Something suddenly calls to us, moves us from without, and becomes important to us for its own sake. The person or thing from whom or from which we experience such a call appears to us to be not just of instrumental value, but intrinsically important. We know we have been affected in this way when, say, our sorrowful countenance abruptly becomes radiant, or when we suddenly find that we have tears in our eyes. Such signs indicate that the shell of reification behind which we usually operate in a world oriented toward escalation, optimization, calculation, and domination has, for a moment, been punctured and we have left the mode of aggression.

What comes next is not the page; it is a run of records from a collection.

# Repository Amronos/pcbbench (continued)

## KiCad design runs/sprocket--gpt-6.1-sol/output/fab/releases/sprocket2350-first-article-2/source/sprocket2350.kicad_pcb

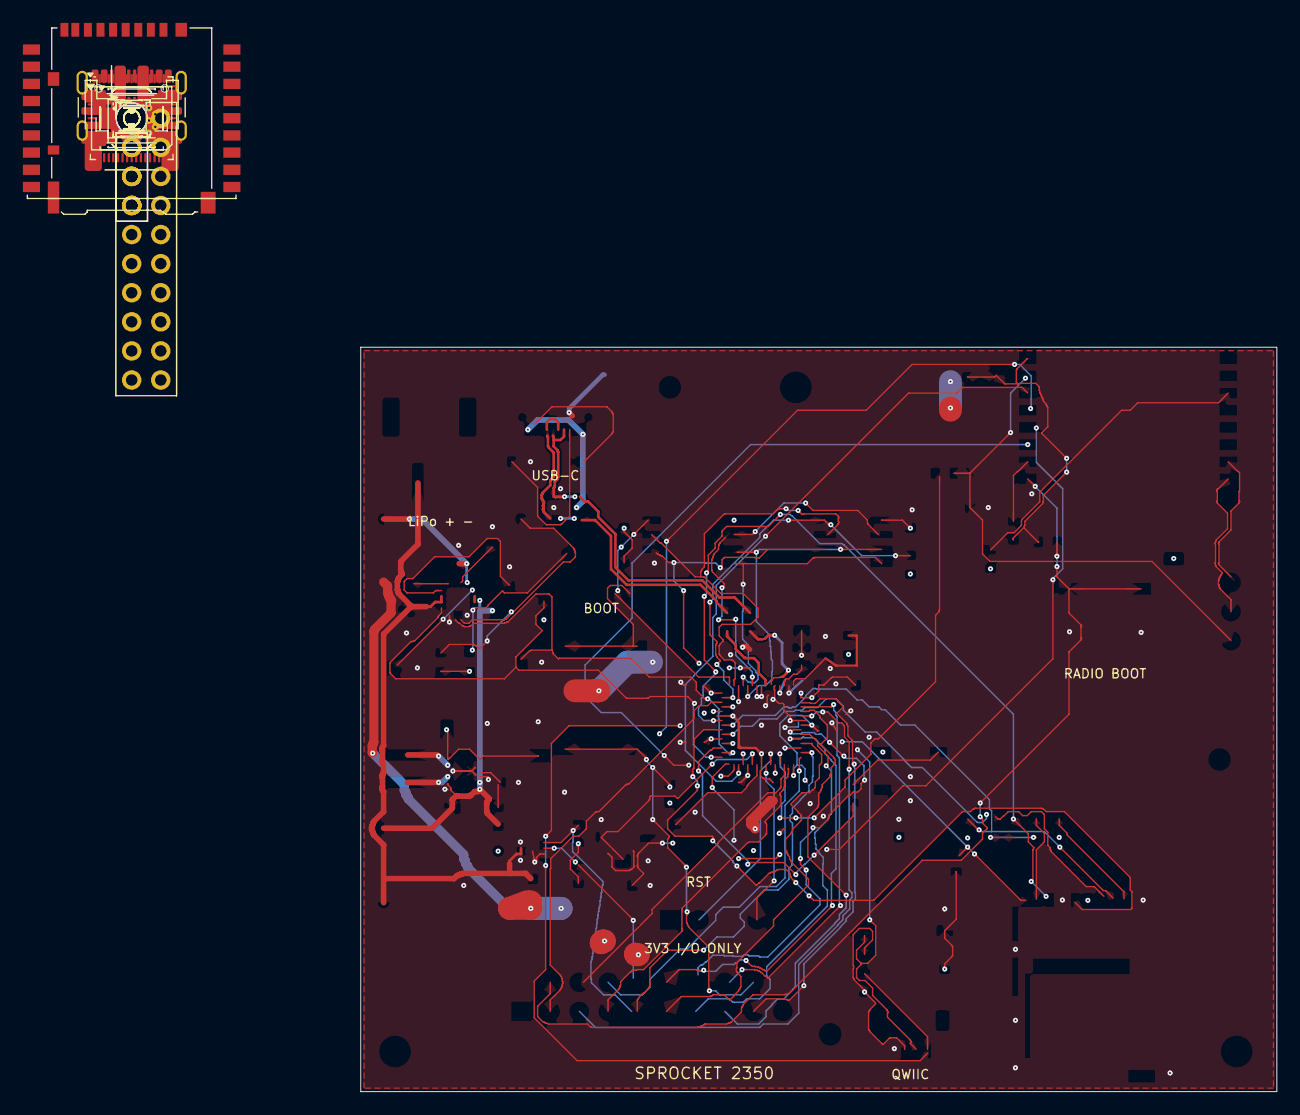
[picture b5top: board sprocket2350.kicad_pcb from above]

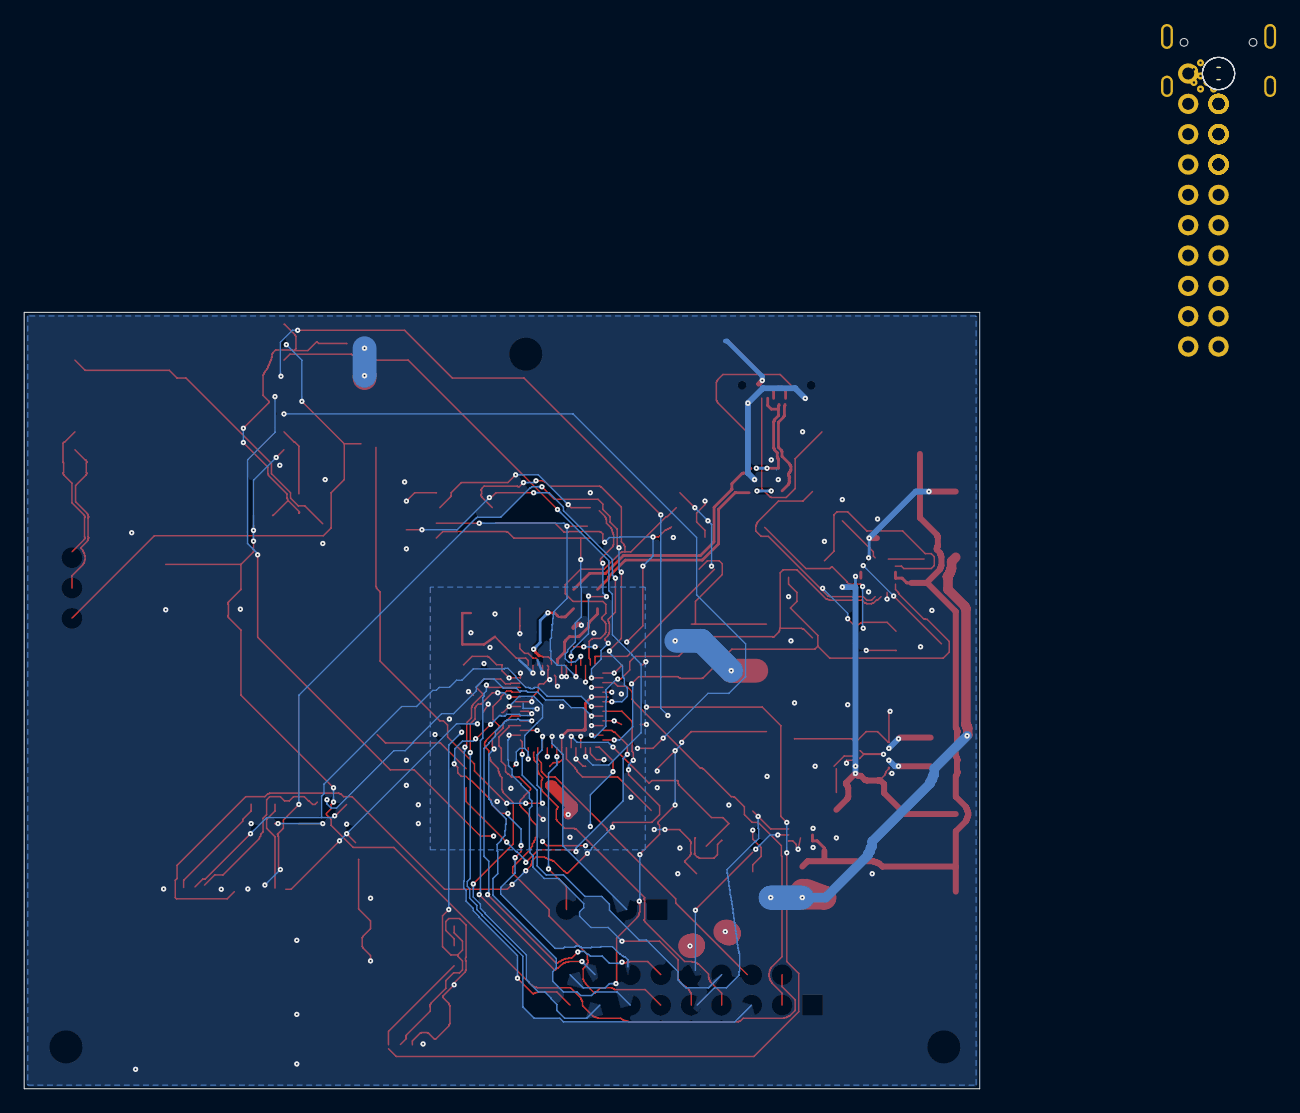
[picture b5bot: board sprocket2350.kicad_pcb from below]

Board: 4 copper layers, 80.0 x 65.0 mm, 106 parts (2 on the bottom side), 75 nets.

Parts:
C1, C2, C9, C10, C11, C12, C13, C14, C15, C16, C17, C18, C19, C25, C28, C31, C34, C35: 100 nF; C_0603_1608Metric
C3, C4: 15 pF; C_0603_1608Metric
C5, C7, C8: 4.7 µF; C_0805_2012Metric
C6: 22 µF; C_0603_1608Metric
C20: 100 nF; C_0201_0603Metric
C21, C29: 1 µF; C_0603_1608Metric
C22, C23, C24, C30, C33: 10 µF; C_0805_2012Metric
C26, C27, C32: 22 µF; C_1206_3216Metric
D1: RGB V6; LED_WS2812B_PLCC4_5.0x5.0mm_P3.2mm
FID1, FID2, FID3: Fiducial; Fiducial_1mm_Mask2mm
H1, H2, H3: M2.5; MountingHole_2.7mm_M2.5
J1: USB-C; USB_C_Receptacle_GCT_USB4105-xx-A_16P_TopMnt_Horizontal
J2: LiPo; JST_PH_S2B-PH-SM4-TB_1x02-1MP_P2.00mm_Horizontal
J3: Radio UART; PinHeader_1x04_P2.54mm_Vertical
J4: microSD; microSD_HC_Hirose_DM3AT-SF-PEJM5
J5: Qwiic / STEMMA QT; JST_SH_BM04B-SRSS-TB_1x04-1MP_P1.00mm_Vertical
J6: GPIO; PinHeader_2x10_P2.54mm_Vertical
J7: SWD; PinHeader_1x04_P2.54mm_Vertical
L1: 3.3 µH; L_Abracon_AOTA-B201610S
L2: 2.2 µH; L_Coilcraft_XxL4020
R1, R4, R13, R16, R17, R18, R19, R23, R24, R25, R26, R27, R28, R29, R30, R31: 10 kΩ; R_0603_1608Metric
R2: 1.8 kΩ; R_0603_1608Metric
R3, R5, R35: 1 kΩ; R_0603_1608Metric
R6: 33 Ω; R_0603_1608Metric
R7, R8, R32, R33: 5.1 kΩ; R_0603_1608Metric
R9, R10: 27 Ω; R_0603_1608Metric
R11: 8.66 kΩ; R_0603_1608Metric
R12: 3.48 kΩ; R_0603_1608Metric
R14: 68.1 kΩ; R_0603_1608Metric
R20, R21: 3.3 kΩ; R_0603_1608Metric
R22: 100 kΩ; R_0603_1608Metric
R34: 330 Ω; R_0603_1608Metric
R36: 100 Ω; R_0603_1608Metric
SW1: BOOT; SW_SPST_TL3342
SW2: RESET; SW_SPST_TL3342
SW3: RADIO BOOT; SW_SPST_TL3342
TP1: VBUS; TestPoint_Pad_D1.0mm
TP2: SYS; TestPoint_Pad_D1.0mm
TP3: +3V3; TestPoint_Pad_D1.0mm
TP4: GND; TestPoint_Pad_D1.0mm
TP5: BAT; TestPoint_Pad_D1.0mm
TP6: CHG_N; TestPoint_Pad_D1.0mm
TP7: USB_PGOOD_N; TestPoint_Pad_D1.0mm
TP8: CORE_1V1; TestPoint_Pad_D1.0mm
U1: RP2350A; QFN-60-1EP_7x7mm_P0.4mm_EP3.4x3.4mm
U2: 16 MB flash; SOIC-8_5.3x5.3mm_P1.27mm
U3: 8 MB PSRAM; SOIC-8_3.9x4.9mm_P1.27mm
U4: USB ESD; SOT-23-6
U5: Power-path charger; VQFN-16-1EP_3x3mm_P0.5mm_EP1.6x1.6mm
U6: 3.3 V buck-boost; Texas_DRC0010J
U7: Wi-Fi + BLE; ESP32-C3-WROOM-02
U8: Battery voltage / SOC; TDFN-8-1EP_2x2mm_P0.5mm_EP0.8x1.2mm
Y1: 12 MHz; Crystal_SMD_3225-4Pin_3.2x2.5mm

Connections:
/+3V3: C1.1, C2.1, C6.1, C9.1, C10.1, C11.1, C12.1, C13.1, C14.1, C15.1, C16.1, C17.1, C26.1, C27.1, C30.1, C31.1, C32.1, C33.1, C34.1, C35.1, D1.1 (VDD), J4.4 (VDD), J5.2, J6.1, J6.19, J7.1, R1.1, R2.1, R4.1, R6.1, R17.1, R18.1, R19.1, R20.1, R21.1, R23.1, R24.1, R25.1, R26.1, R27.1, R28.1, R29.1, R30.1, R31.1, R32.1, R33.1, TP3.1 (1_1), U1.1 (IOVDD), U1.11 (IOVDD), U1.20 (IOVDD), U1.30 (IOVDD), U1.38 (IOVDD), U1.44 (ADC_AVDD), U1.45 (IOVDD), U1.49 (VREG_VIN), U1.53 (USB_OTP_VDD), U1.54 (QSPI_IOVDD), U2.8 (VCC), U3.8 (VDD), U6.1 (VOUT), U6.10 (FB), U7.1 (3V3)
/ADC0: J6.5, U1.40 (GPIO26/ADC0)
/ADC1: J6.15, U1.41 (GPIO27/ADC1)
/ADC2: J6.16, U1.42 (GPIO28/ADC2)
/ADC3: J6.17, U1.43 (GPIO29/ADC3)
/BAT: C22.1, C28.1, J2.2, TP5.1 (1_1), U5.2 (BAT), U5.3 (BAT), U8.2 (CELL), U8.3 (VDD)
/BAT_TS: R13.1, U5.1 (TS)
/BOOT_SWITCH: R3.2, SW1.1
/BUCK_L1: L2.1, U6.4 (L1)
/BUCK_L2: L2.2, U6.2 (L2)
/BUCK_VINA: C25.1, R36.2, U6.8 (VINA)
/CC1: J1.A5 (CC1), R7.1
/CC2: J1.B5 (CC2), R8.1
/CHARGE_DISABLE: R17.2, U1.15 (GPIO11), U5.4 (~CE)
/CHG_ILIM: R12.1, U5.12 (ILIM)
/CHG_ISET: R11.1, U5.16 (ISET)
/CHG_N: R19.2, TP6.1 (1_1), U5.9 (~CHG)
/CHG_TMR: R14.1, U5.14 (TMR)
/CORE_1V1: C7.1, C8.1, C18.1, C19.1, C20.1, L1.1, TP8.1 (1_1), U1.6 (DVDD), U1.23 (DVDD), U1.39 (DVDD), U1.50 (VREG_FB)
/FLASH_CS: R1.2, R3.1, U1.60 (~QSPI_SS), U2.1 (~CS)
/GAUGE_SCL: J6.10, R21.2, U1.33 (GPIO21), U8.7 (SCL)
/GAUGE_SDA: J6.9, R20.2, U1.32 (GPIO20), U8.8 (SDA)
/GND: C1.2, C2.2, C3.2, C4.2, C5.2, C6.2, C7.2, C8.2, C9.2, C10.2, C11.2, C12.2, C13.2, C14.2, C15.2, C16.2, C17.2, C18.2, C19.2, C20.2, C21.2, C22.2, C23.2, C24.2, C25.2, C26.2, C27.2, C28.2, C29.2, C30.2, C31.2, C32.2, C33.2, C34.2, C35.2, D1.3 (VSS), J1.A1 (GND), J1.A12 (GND), J1.B1 (GND), J1.B12 (GND), J1.SH (SHIELD), J2.1, J3.1, J4.6 (VSS), J4.10 (DET_A), J4.SH (SHIELD), J5.1, J6.2, J6.20, J7.3, R7.2, R8.2, R11.2, R12.2, R13.2, R14.2, R16.2, R22.2, SW1.2, SW2.2, SW3.2, TP4.1 (1_1), U1.47 (VREG_PGND), U1.61 (GND), U2.4 (GND), U3.4 (VSS), U4.2 (GND), U5.5 (EN2), U5.8 (VSS), U5.17 (VSS), U6.3 (PGND), U6.7 (PS/SYNC), U6.9 (GND), U6.11 (PGND), U7.9 (GND), U7.19 (GND), U8.1 (CTG), U8.4 (GND), U8.6 (QSTRT), U8.9 (EP), Y1.2 (G), Y1.4 (G)
/GPIO1: J6.3, U1.3 (GPIO1)
/GPIO17: J6.6, U1.28 (GPIO17)
/GPIO18: J6.7, U1.29 (GPIO18)
/GPIO19: J6.8, U1.31 (GPIO19)
/GPIO22: J6.11, U1.34 (GPIO22)
/GPIO23: J6.12, U1.35 (GPIO23)
/GPIO24: J6.13, U1.36 (GPIO24)
/GPIO25: J6.14, U1.37 (GPIO25)
/I2C_SCL: J5.4, R33.2, U1.5 (GPIO3)
/I2C_SDA: J5.3, R32.2, U1.4 (GPIO2)
/MCU_USB_N: R10.2, U1.51 (USB_DM)
/MCU_USB_P: R9.2, U1.52 (USB_DP)
/PROG_RX: J3.3, U7.11 (IO20/RXD)
/PROG_TX: J3.2, U7.12 (IO21/TXD)
/PSRAM_CS: R2.2, U1.2 (GPIO0), U3.1 (~CE)
/QSPI_CLK: U1.56 (QSPI_SCLK), U2.6 (CLK), U3.6 (SCLK)
/QSPI_D0: U1.57 (QSPI_SD0), U2.5 (DI/IO_{0}), U3.5 (SI/SIO0)
/QSPI_D1: U1.59 (QSPI_SD1), U2.2 (DO/IO_{1}), U3.2 (SO/SIO1)
/QSPI_D2: U1.58 (QSPI_SD2), U2.3 (~WP/IO_{2}), U3.3 (SIO2)
/QSPI_D3: U1.55 (QSPI_SD3), U2.7 (~HOLD/~RESET/IO_{3}), U3.7 (SIO3)
/RADIO_BOOT: J6.4, R24.2, SW3.1, U7.8 (IO9)
/RADIO_CTRL: R35.1, U1.27 (GPIO16)
/RADIO_EN: C29.1, J3.4, R22.1, R35.2, U7.2 (EN)
/RADIO_IO2: R25.2, U7.16 (IO2)
/RADIO_IO8: R23.2, U7.7 (IO8)
/RGB_DATA: R34.1, U1.13 (GPIO9)
/RGB_DIN: D1.4 (DIN), R34.2
/RUN: J6.18, R4.2, SW2.1, U1.26 (RUN)
/SD_CLK: J4.5 (CLK), U1.9 (GPIO6)
/SD_CS: J4.2 (DAT3/CD), R26.2, U1.8 (GPIO5)
/SD_DAT1: J4.8 (DAT1), R29.2
/SD_DAT2: J4.1 (DAT2), R30.2
/SD_DETECT: J4.9 (DET_B), R31.2, U1.12 (GPIO8)
/SD_MISO: J4.7 (DAT0), R28.2, U1.7 (GPIO4)
/SD_MOSI: J4.3 (CMD), R27.2, U1.10 (GPIO7)
/SWCLK: J7.4, U1.24 (SWCLK)
/SWDIO: J7.2, U1.25 (SWDIO)
/SYS: C23.1, C24.1, R36.1, TP2.1 (1_1), U5.10 (OUT), U5.11 (OUT), U6.5 (VIN), U6.6 (EN)
/UART_CTS: U1.18 (GPIO14), U7.3 (IO4)
/UART_RTS: U1.19 (GPIO15), U7.4 (IO5)
/UART_RX: U1.17 (GPIO13), U7.6 (IO7)
/UART_TX: U1.16 (GPIO12), U7.5 (IO6)
/USB_500_EN: R16.1, U1.14 (GPIO10), U5.6 (EN1)
/USB_D_N: J1.A7 (D-), J1.B7 (D-), R10.1, U4.1 (I/O1), U4.6 (I/O1)
/USB_D_P: J1.A6 (D+), J1.B6 (D+), R9.1, U4.3 (I/O2), U4.4 (I/O2)
/USB_PGOOD_N: R18.2, TP7.1 (1_1), U5.7 (~PGOOD)
/VBUS: C21.1, J1.A4 (VBUS), J1.A9 (VBUS), J1.B4 (VBUS), J1.B9 (VBUS), TP1.1 (1_1), U4.5 (VBUS), U5.13 (IN)
/VREG_AVDD: C5.1, R6.2, U1.46 (VREG_AVDD)
/VREG_LX: L1.2, U1.48 (VREG_LX)
/XIN: C3.1, U1.21 (XIN), Y1.1
/XOUT: R5.1, U1.22 (XOUT)
/XTAL_OUT: C4.1, R5.2, Y1.3

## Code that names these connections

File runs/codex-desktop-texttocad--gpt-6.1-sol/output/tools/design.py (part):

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

gpio = {
    0: 'PSRAM_CS', 1: 'GPIO1', 2: 'GPIO2', 3: 'GPIO3', 4: 'I2C_SDA', 5: 'I2C_SCL',
    6: 'GPIO6', 7: 'GPIO7', 8: 'GPIO8', 9: 'GPIO9', 10: 'SD_CLK', 11: 'SD_MOSI',
    12: 'SD_MISO', 13: 'SD_CS', 14: 'RGB_DATA', 15: 'SD_DETECT', 16: 'USB_500_EN',
    17: 'USB_SUSPEND_EN', 18: 'ESP_EN_CTRL', 19: 'ESP_BOOT_CTRL', 20: 'WIFI_TX', 21: 'WIFI_RX',
    22: 'WIFI_CTS', 23: 'WIFI_RTS', 24: 'CHARGE_N', 25: 'POWERGOOD_N',
    26: 'BAT_ADC', 27: 'VBUS_ADC', 28: 'GPIO28_ADC2', 29: 'GPIO29_ADC3'
}
rp_nets = {1: '+3V3', 6: '+1V1', 11: '+3V3', 20: '+3V3', 21: 'XIN',
           22: 'XOUT', 23: '+1V1', 24: 'SWCLK', 25: 'SWDIO', 26: 'RUN',
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    (76, 38, 90), 'Interfaces', (295, 62, 0),
    'Connector_JST:JST_SH_SM04B-SRSS-TB_1x04-1MP_P1.00mm_Horizontal',
    '3.3V I2C, pin1 GND, pin2 VCC, pin3 SDA, pin4 SCL')
header_nets = {1: '+3V3', 2: 'GND', 3: 'GPIO1', 4: 'GPIO2', 5: 'GPIO3', 6: 'GPIO6',
               7: 'GPIO7', 8: 'GPIO8', 9: 'GPIO9', 10: 'CHARGE_N', 11: 'POWERGOOD_N',
               12: 'RGB_DATA', 13: 'GPIO28_ADC2', 14: 'GPIO29_ADC3', 15: 'I2C_SDA',
               16: 'I2C_SCL', 17: 'RUN', 18: 'GND', 19: 'VBUS', 20: 'VSYS'}
add('J5', 'Connector_Generic', 'Conn_02x10_Odd_Even', 'GPIO expansion',
    'TSW-110-07-G-D', 'Samtec', header_nets, (48, 49, 0), 'MCU', (240, 165, 0),
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
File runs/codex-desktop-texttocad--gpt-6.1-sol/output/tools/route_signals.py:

from pathlib import Path
import sys
from cad import kicad_pcb
from cad.kicad import route

ROOT = Path(__file__).resolve().parents[1]
GROUPS = {
    'memory': ['QSPI_CLK_SRC', 'QSPI_CLK', 'QSPI_IO0', 'QSPI_IO1', 'QSPI_IO2', 'QSPI_IO3', 'FLASH_CS', 'PSRAM_CS'],
    'analog': ['MAIN_FB', 'MAIN_VAUX', 'CORE_FB', 'ADC_AVDD', 'BAT_SENSE', 'BAT_BUF', 'BAT_ADC', 'BAT_TS', 'CHG_ISET', 'CHG_ILIM', 'VBUS_ADC'],
    'power': ['+1V1', '+3V3', 'VSYS', 'VBAT', 'VBUS', 'VBUS_RAW', 'MAIN_PG', 'PWR_EN', 'PWR_SWITCH'],
    'interfaces': ['USB_CC1', 'USB_CC2', 'SD_CLK', 'SD_MOSI', 'SD_MISO', 'SD_CS', 'SD_DAT1', 'SD_DAT2', 'SD_DETECT', 'I2C_SDA', 'I2C_SCL', 'RGB_DATA', 'RGB_DIN'],
    'wireless': ['WIFI_TX', 'WIFI_RX', 'WIFI_CTS', 'WIFI_RTS', 'ESP_EN', 'ESP_BOOT', 'ESP_EN_CTRL', 'ESP_BOOT_CTRL', 'ESP_STRAP2', 'ESP_STRAP8', 'ESP_PROG_TX', 'ESP_PROG_RX'],
    'control': ['RUN', 'BOOT_SWITCH', 'SWCLK', 'SWDIO', 'CHARGE_N', 'POWERGOOD_N', 'USB_500_EN', 'USB_SUSPEND_EN', 'GPIO1', 'GPIO2', 'GPIO3', 'GPIO6', 'GPIO7', 'GPIO8', 'GPIO9', 'GPIO28_ADC2', 'GPIO29_ADC3'],
}

with kicad_pcb.edit(str(ROOT / 'Atlas2350.kicad_pcb')) as board:
    available = {net.name for net in board.get_nets()}
    group = sys.argv[1]
    entries = []
    for net in GROUPS[group]:
        if net not in available:
            continue
        width = 0.3 if net in {'+3V3', '+1V1', 'VSYS', 'VBAT', 'VBUS', 'VBUS_RAW'} else 0.15
        entries.append({'net': net, 'layers': ['F.Cu', 'B.Cu'], 'width': width})
    result = route(board, entries, layers=['F.Cu', 'B.Cu'], via_cost=2)
    print('\n'.join(result.human_lines()))
    board.refill_zones()

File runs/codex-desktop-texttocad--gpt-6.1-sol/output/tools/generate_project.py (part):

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    }
    annotations = {
        'MCU': [('150MHz nominal. External LDO supplies DVDD: VREG_FB=GND, LX=NC.\nKeep VREG_VIN and VREG_AVDD powered. Set VREG.HIZ=1 in firmware; never select low-power VREG mode.', 25, 20),
                ('IOs are 3.3V, not 5V tolerant. No SWO.\nExpansion pin19 VBUS and pin20 VSYS are outputs only: never back-power.', 230, 227)],
        'Memory': [('QSPI bus shared; CS0 is flash, GP0 is PSRAM CS1. Both chip selects pulled high.\n33R source termination on clock. Start QSPI <=31.25MHz; validate signal integrity on first articles.', 25, 20),
                   ('BOOTSEL: hold SW2, pulse RUN (SW1), release SW2 after USB enumerates.\n1k limits current if BOOTSEL is pressed while the flash chip-select output is active.', 210, 162)],
        'Power': [('USB_500_EN=0 at reset: 100mA USB mode. Set to1 only after a 500mA USB grant.\nCharger ISET=3.57k: 250mA nominal. ITERM=NC: 10% termination; TMR=NC: 5h safety timer.', 25, 20),
                  ('BATTERY: protected 1S LiPo, >=500mAh, 4.2V charging; 10k NTC required.\nJ2 pins 1=BAT+, 2=GND, 3=NTC. THIS IS A CUSTOM 3-PIN PINOUT.\nNo battery supplied or soldered. Missing NTC inhibits charging.', 25, 225),
                  ('VBAT approximately 2 * BAT_ADC; divider buffered by U9.\nVBUS_ADC is presence detection, not precision voltage measurement.\nUSB_500_EN / USB_SUSPEND_EN: 00=100mA,10=500mA,11=suspend.', 235, 210)],
        'Interfaces': [('USB2.0 device / 5V sink only; no PD, no host power sourcing.\nBoth CC pins use separate 5.1k Rd. ESD array sits at the receptacle; 27R series resistors at U1.', 25, 20),
                       ('RGB V6 only: VIH=0.55*VDD; U10 switches VSYS with PWR_EN.\nBlank RGB below VBAT about3.6V under load; limit current to15mA.\nRGB not guaranteed when LED_VDD<3.3V. I2C 3.3V/4.7k; SD SPI initially<=12.5MHz.', 258, 245)],
        'Wireless': [('ESP-AT UART1: GPIO6 RX <- RP GP20; GPIO7 TX -> RP GP21.\nGPIO4 RTS -> RP GP22 CTS; GPIO5 CTS <- RP GP23 RTS.\nUART0 GPIO20/21 is a separate 3.3V programming interface; start115200baud.', 25, 20),
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    }
    for page, (sheet_name, description) in enumerate(descriptions.items(), 2):

At such moments, we escape our usual background state of alienation through “a kind of double movement between subject and world.” We develop an intrinsic interest in some part of the world and, reciprocally, we feel ourselves somehow “addressed” by it. Uncontrollability by itself – mere contingency -- is not enough to create resonance. It occurs when something uncontrollable speaks to us, and we respond.
Time
Pual Sherz did a Ph. D in bio-chemistry at Harvard, then another doctorate in theology at Notre Dame. He is one of the rare thinkers able to speak in a scientific register who is also informed by the rich human tradition of puzzling through the deepest matters of existence. His 2022 book Tomorrow’s Troubles is a meditation on anxiety, risk, and our attitude to the future. He writes about an epochal move that the Western mind made, one fruit of which is our compulsion to control the world.
At some point, we began to use spatial metaphors when we think about time. In risk analysis, the future is envisioned as a decision space, with branching nodes at each point of action and consequence. Time is thus spatialized and multiplied: there are multiple possible futures, and our task is to trace an optimal path through these possibilities. This is not just an activity of decision-theorists gaming out war scenarios, or actuaries tabulating risks. It reflects an understanding of time that shows up in many areas of philosophy and popular culture, and is codified in institutions. The problem is that it doesn’t correspond to the way we actually experience time. But it does feed back into our experience of time and infect it, as it were. It does so in such a way as to exaggerate the role of our own will, and make it seem imperative to control the future. Resonance recedes, anxiety increases.